Tap the brush twice on both sides to get the right amount of paint on the brush.
When applying the paint, start away from your line and work into it.
I prefer two coats.

This is what works for me so other people will have other suggestions.


----------



## Inner10 (Mar 12, 2009)

I worked for a painting contractor when I was a teenager, he always told me when cutting to hold the brush like a pencil and draw a line.

Oh and don't push the brush!!!


----------



## DaVinciRemodel (Oct 7, 2009)

My best cut-in work is after several drinks - calms the nerves :thumbsup:


----------



## Metro M & L (Jun 3, 2009)

Good prep = good lines. Takes about 15 minutes to caulk the base and the lid on an average room. Makes all the difference in the world.


----------



## world llc (Dec 9, 2008)

practice...


----------



## CompleteW&D (May 28, 2011)

My dad could cut in a ceiling in no time flat and it looked perfect. I could never master his technique so here is what I do on my own home (using a good quality painters tape from SW). Simple taping and cutting never worked well for me because no matter how good the tape was, I would still get bleed under the tape in spots. I probably used too much paint or something I don't now. Anyway, here's what I now do around my own home when I'm cutting in anything....

1. Whichever surface you are going to apply the tape to.... start with that color and surface and completely fill into the corner (or edge) without any worries of overflow onto the other colored surface. In fact you WANT it to overflow onto the other surface some.

2. When that dries, apply your tape right into your cut line and paint over the tape at the cut line with the same color as the surface the tape is applied to (allowing it to overflow into the other surface you are cutting to). You WANT it to overflow into the other surface a bit to make sure any bleed that gets under the tape is the same color as the surface the tape is applied to. Let that dry. Now, you've got a tightly sealed tape line with any bleed that was going to happen.... having already happened in the color that's already on that surface.

3. Now, cut back into the tape line with your second color overflowing just the edge of the tape. Let that dry.

4. When you pull your tape, you'll have a perfectly clean cut line. Well, as perfect as your tape line anyway.

It's a PITA, but for an amateur like me, it gives me professional looking results.

Here is an example of my results with a white ceiling, ivory colored wall and a taupe accent wall in my bathroom I did recently. The lighting/color in this pic totally s**k*.... but you get the idea.











One hint.... like all painters tape, don't leave it on too long. I pull it after about 2 hours and that's about the limit before it starts pulling the paint along with it.


----------



## Big Shoe (Jun 16, 2008)

Metro M & L said:


> Good prep = good lines. Takes about 15 minutes to caulk the base and the lid on an average room. Makes all the difference in the world.


I'm trying to visualize that. Never tried that on ceilings.

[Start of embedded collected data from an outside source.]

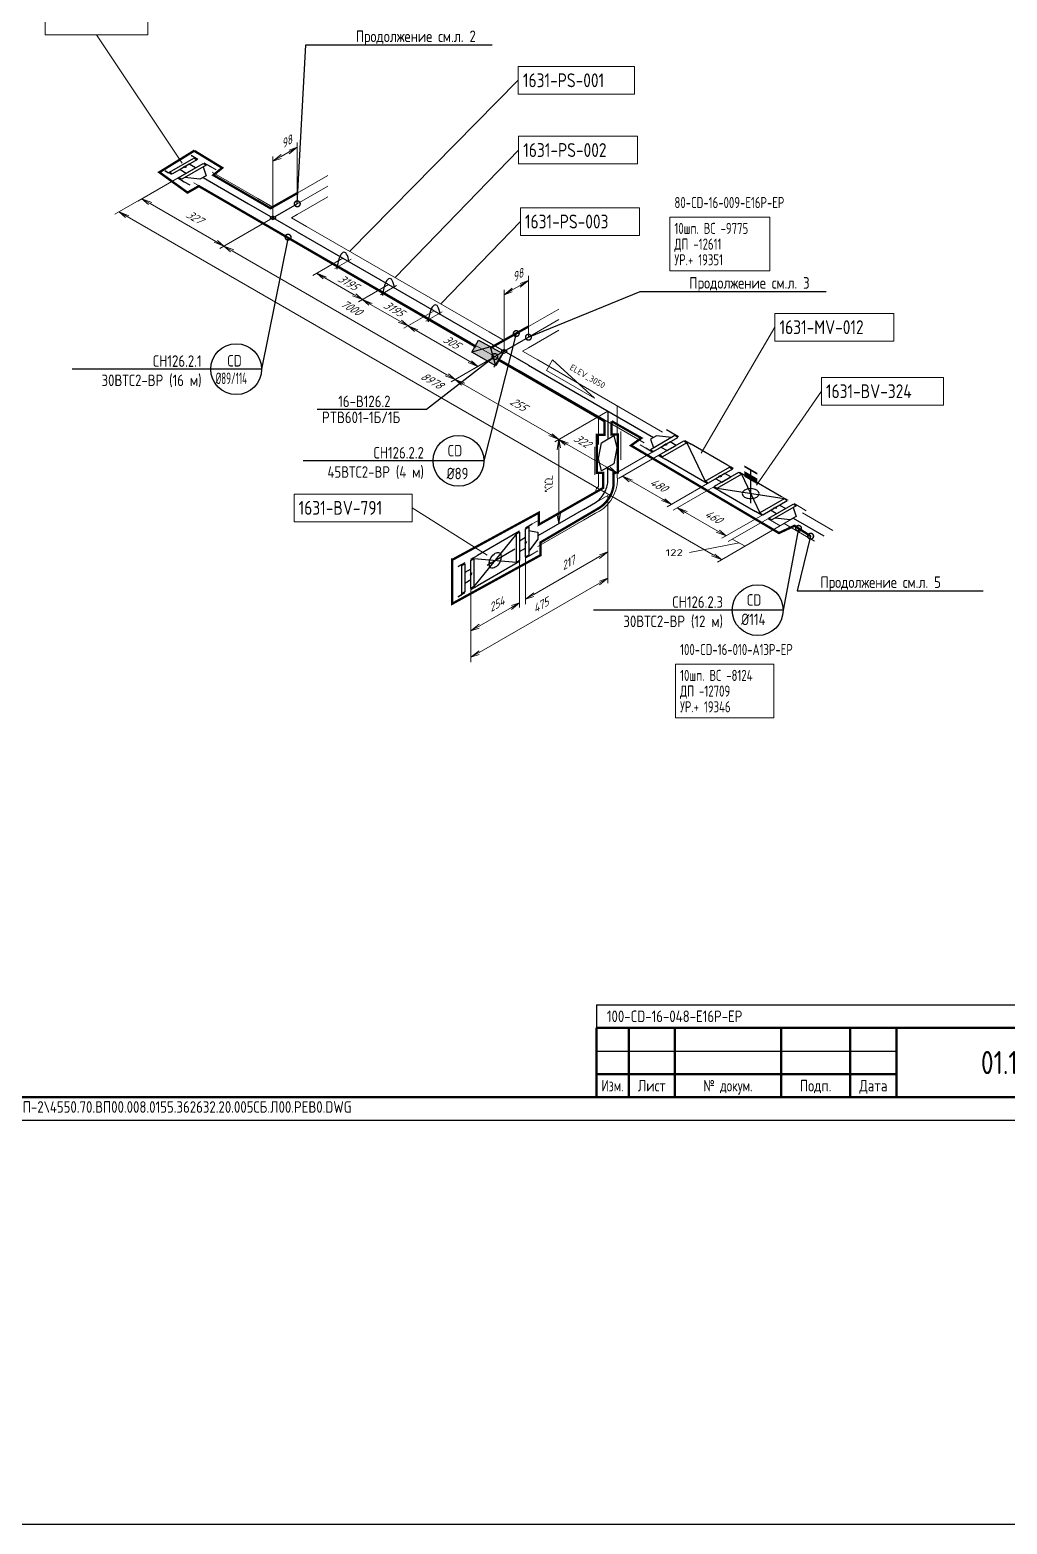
# Model space of a CAD drawing. Header units: millimetres. Extents: x 10051 to 26505, y 4675 to 5194.
# Drawn here: x 11590.3 to 11802, y 4674.7 to 4998.4 of the extents above; entities that cross this region are included whole.
import ezdxf
from ezdxf import colors
from ezdxf.entities.mleader import LeaderData, LeaderLine
from ezdxf.enums import TextEntityAlignment as Align
from ezdxf.math import Vec2, Vec3

# ---------------------------------------------------------------- set-up
doc = ezdxf.new("R2010")
doc.units = ezdxf.units.MM
doc.layers.get('0').update_dxf_attribs({"lineweight": 15})
for name, color, linetype, lineweight in [('--TEXT--', 150, 'Continuous', 25), ('_НС', 1, 'Continuous', 30), ('OFORMLENIE', 7, 'Continuous', 25), ('подложка', 252, 'Continuous', 9), ('Построение', 7, 'Continuous', 30)]:
    doc.layers.add(name, color=color, linetype=linetype, lineweight=lineweight)
doc.layers.add('Коробки', color=250, linetype='Continuous')
doc.styles.add('GOST_2.304', font='CS_Gost2304.shx', dxfattribs={"height": 2.5})
doc.styles.add('GOST_2.304_07', font='CS_Gost2304.shx', dxfattribs={"width": 0.7})
doc.styles.add('GOST_2.304_09', font='CS_Gost2304.shx', dxfattribs={"width": 0.9})
doc.styles.add('Style-CS_Gost2304', font='CS_Gost2304.shx')
doc.styles.add('TNR_30', font='times.ttf', dxfattribs={"height": 3})

# ---------------------------------------------------------------- blocks, each defined once
blk = doc.blocks.new('TerminatorOpen_0.4')
at = {"color": 0, "linetype": 'ByBlock', "lineweight": -2}
for q in [(-1, 0.2), (-1, 0), (-1, -0.2)]:
    blk.add_line((0, 0), q, dxfattribs=at)
blk = doc.blocks.new('A$C612D6D77')
at = {"layer": 'Коробки', "linetype": 'ByBlock', "ltscale": 0.5}
h = blk.add_hatch(color=3, dxfattribs=at)
h.paths.add_polyline_path([(300, 300), (0, 300), (0, 0)])
h.paths.add_polyline_path([(600, 0), (600, 300), (300, 300)])
at = {"layer": 'Коробки', "linetype": 'ByBlock', "ltscale": 0.5, "true_color": 0xffffff}
blk.add_hatch(color=7, dxfattribs=at).paths.add_polyline_path([(0, 0), (600, 0), (300, 300)])
at = {"layer": 'Коробки', "linetype": 'ByBlock', "ltscale": 0.5}
for p, q in [((0, 0), (300, 300)), ((300, 300), (600, 0))]:
    blk.add_line(p, q, dxfattribs=at)
blk.add_lwpolyline([(0, 0), (600, 0), (600, 300), (0, 300)], close=True, dxfattribs=at)
blk = doc.blocks.new('_DotSmall')
at = {"color": 0, "linetype": 'ByBlock', "const_width": 0.5}
blk.add_lwpolyline([(-0.0625, 0, 1), (0.0625, 0, 1)], format="xyb", close=True, dxfattribs=at)
blk = doc.blocks.new('*U1752')
at = {"linetype": 'ByBlock', "lineweight": -2}
blk.add_lwpolyline([(420, 297), (0, 297), (0, 0), (420, 0)], close=True, dxfattribs=at)
at = {"linetype": 'ByBlock', "lineweight": 50}
blk.add_lwpolyline([(20, 292), (415, 292), (415, 5), (20, 5)], close=True, dxfattribs=at)
at = {"linetype": 'ByBlock', "lineweight": -2, "insert": (8, 2.5), "char_height": 2.5, "attachment_point": 4, "style": 'GOST_2.304'}
blk.add_mtext('C:\\\\Users\\\\GrigoryAO\\\\Desktop\\\\03-23-01\\\\4550.70.ВП00.008.0155.362632.20.005 ТОП-2\\\\4550.70.ВП00.008.0155.362632.20.005СБ.Л00.РЕВ0.DWG', dxfattribs=at)
at = {"linetype": 'ByBlock', "lineweight": -2, "style": 'TNR_30'}
blk.add_attdef('ВЕРХНИЙ_НОМЕР_ЛИСТА', text='', height=3, dxfattribs=at).set_placement((410, 287), align=Align.MIDDLE_CENTER)
blk = doc.blocks.new('ST_2a_dyn')
at = {"linetype": 'ByBlock', "lineweight": 50, "extrusion": (0, 1, 0)}
for p, q in [((-185, 15), (0, 15)), ((-10, 8), (0, 8)), ((-185, 5), (-120, 5)), ((-185, 0), (0, 0))]:
    blk.add_line(p, q, dxfattribs=at)
at = {"linetype": 'ByBlock', "lineweight": 50, "extrusion": (1, 0, 0)}
for p, q in [((-185, 0), (-185, 15)), ((-178, 15), (-178, 0)), ((-168, 15), (-168, 0)), ((-145, 15), (-145, 0)), ((-130, 15), (-130, 0)), ((-120, 0), (-120, 15)), ((-10, 0), (-10, 15))]:
    blk.add_line(p, q, dxfattribs=at)
at = {"linetype": 'ByBlock', "lineweight": 50}
blk.add_line((0, 15), (0, 0), dxfattribs=at)
at = {"linetype": 'ByBlock', "lineweight": -2, "extrusion": (0, 1, 0)}
blk.add_line((-185, 10), (-120, 10), dxfattribs=at)
at = {"linetype": 'ByBlock', "lineweight": -2, "style": 'GOST_2.304'}
for s, p in [('Лист', (-5, 11.5)), ('Лист', (-173, 2.5)), ('Подп.', (-137.5, 2.5)), ('Дата', (-125, 2.5))]:
    blk.add_text(s, height=2.5, dxfattribs=at).set_placement(p, align=Align.MIDDLE_CENTER)
at = {"linetype": 'ByBlock', "lineweight": -2, "width": 0.9}
for s, style, p in [('Изм.', 'GOST_2.304', (-181.5, 2.5)), ('№ докум.', 'GOST_2.304_09', (-156.5, 2.5))]:
    blk.add_text(s, height=2.5, dxfattribs=dict(at, style=style)).set_placement(p, align=Align.MIDDLE_CENTER)
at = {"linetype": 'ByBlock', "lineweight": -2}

While we're on the topic of caulk, who makes a flat white caulk?


----------



## WildWill (Jun 6, 2008)

Metro M & L said:


> Good prep = good lines. Takes about 15 minutes to caulk the base and the lid on an average room. Makes all the difference in the world.


That sounds like a great idea, especially here where they texture all the walls and ceilings. I'll be trying that on the next one for sure. Thanks!


----------



## Paintedlady101 (Feb 26, 2011)

In teaching someone to paint, here are a few pointers I have given. When cutting in a ceiling line, hold your arm horizontal along the ceiling and when you pull the brush , pull from your shoulder. Don't flip your wrist or drop your elbow. Also , hold your brush straight and flat, and concentrate looking at the point where your bristles meet the ceiling line. Don't overload your brush with paint, and don't add to much pressure to the brush ( ie. Fanning out the bristles ) I hope this might help you out a little.


----------



## katoman (Apr 26, 2009)

I use a 2 1/2" sash brush. 80% of the brush is used to support the last 20% which is what actually makes your line. Don't try and use the whole side of the brush.

I had two old school Italian painters that only used 3" brushes and were not only fast as h*ll, but good. They showed me the technique.


----------



## Frankawitz (Jun 17, 2006)

I always use a 3 1/2" sash brush and I also like 4" square brush for cutting in, I have found that if I use tape to get a nice line, after I apply the tape I will take my caulk gun and lay down a thin bead of caulk on the edge of the tape that will be painted up to, then take a damp rag and wipe the caulk down. that way the paint doesn't bleed. and the tape pulls off real nice. Leaves a nice line but thats if I'm doing walls with two colors, ceilings I just follow the angel of the drywall or plaster, When I did clean up and final walk thrus when I worked new homes I would always use caulk to clean up someones cut ins, lay down a bead of caulk smooth it out with my finger, and if need be touch up paint. As for baseboards I always caulk them and all trim on new and repaints


----------



## CompleteW&D (May 28, 2011)

> and I also like 4" square brush for cutting in


Great big 'ol 4" square brush is what my dad used. I still have it. I still don't know how he did it.


----------



## woodworkbykirk (Sep 17, 2008)

my last painter would set up our laser level on and cut in to the laser line, this way no pencil marks on the wall

a previous painter would mark a straight line in the corner and then lightly score it with a 3" drywall knife, this would create a crack which the very tip of the brush would follow


----------



## flashheatingand (May 3, 2008)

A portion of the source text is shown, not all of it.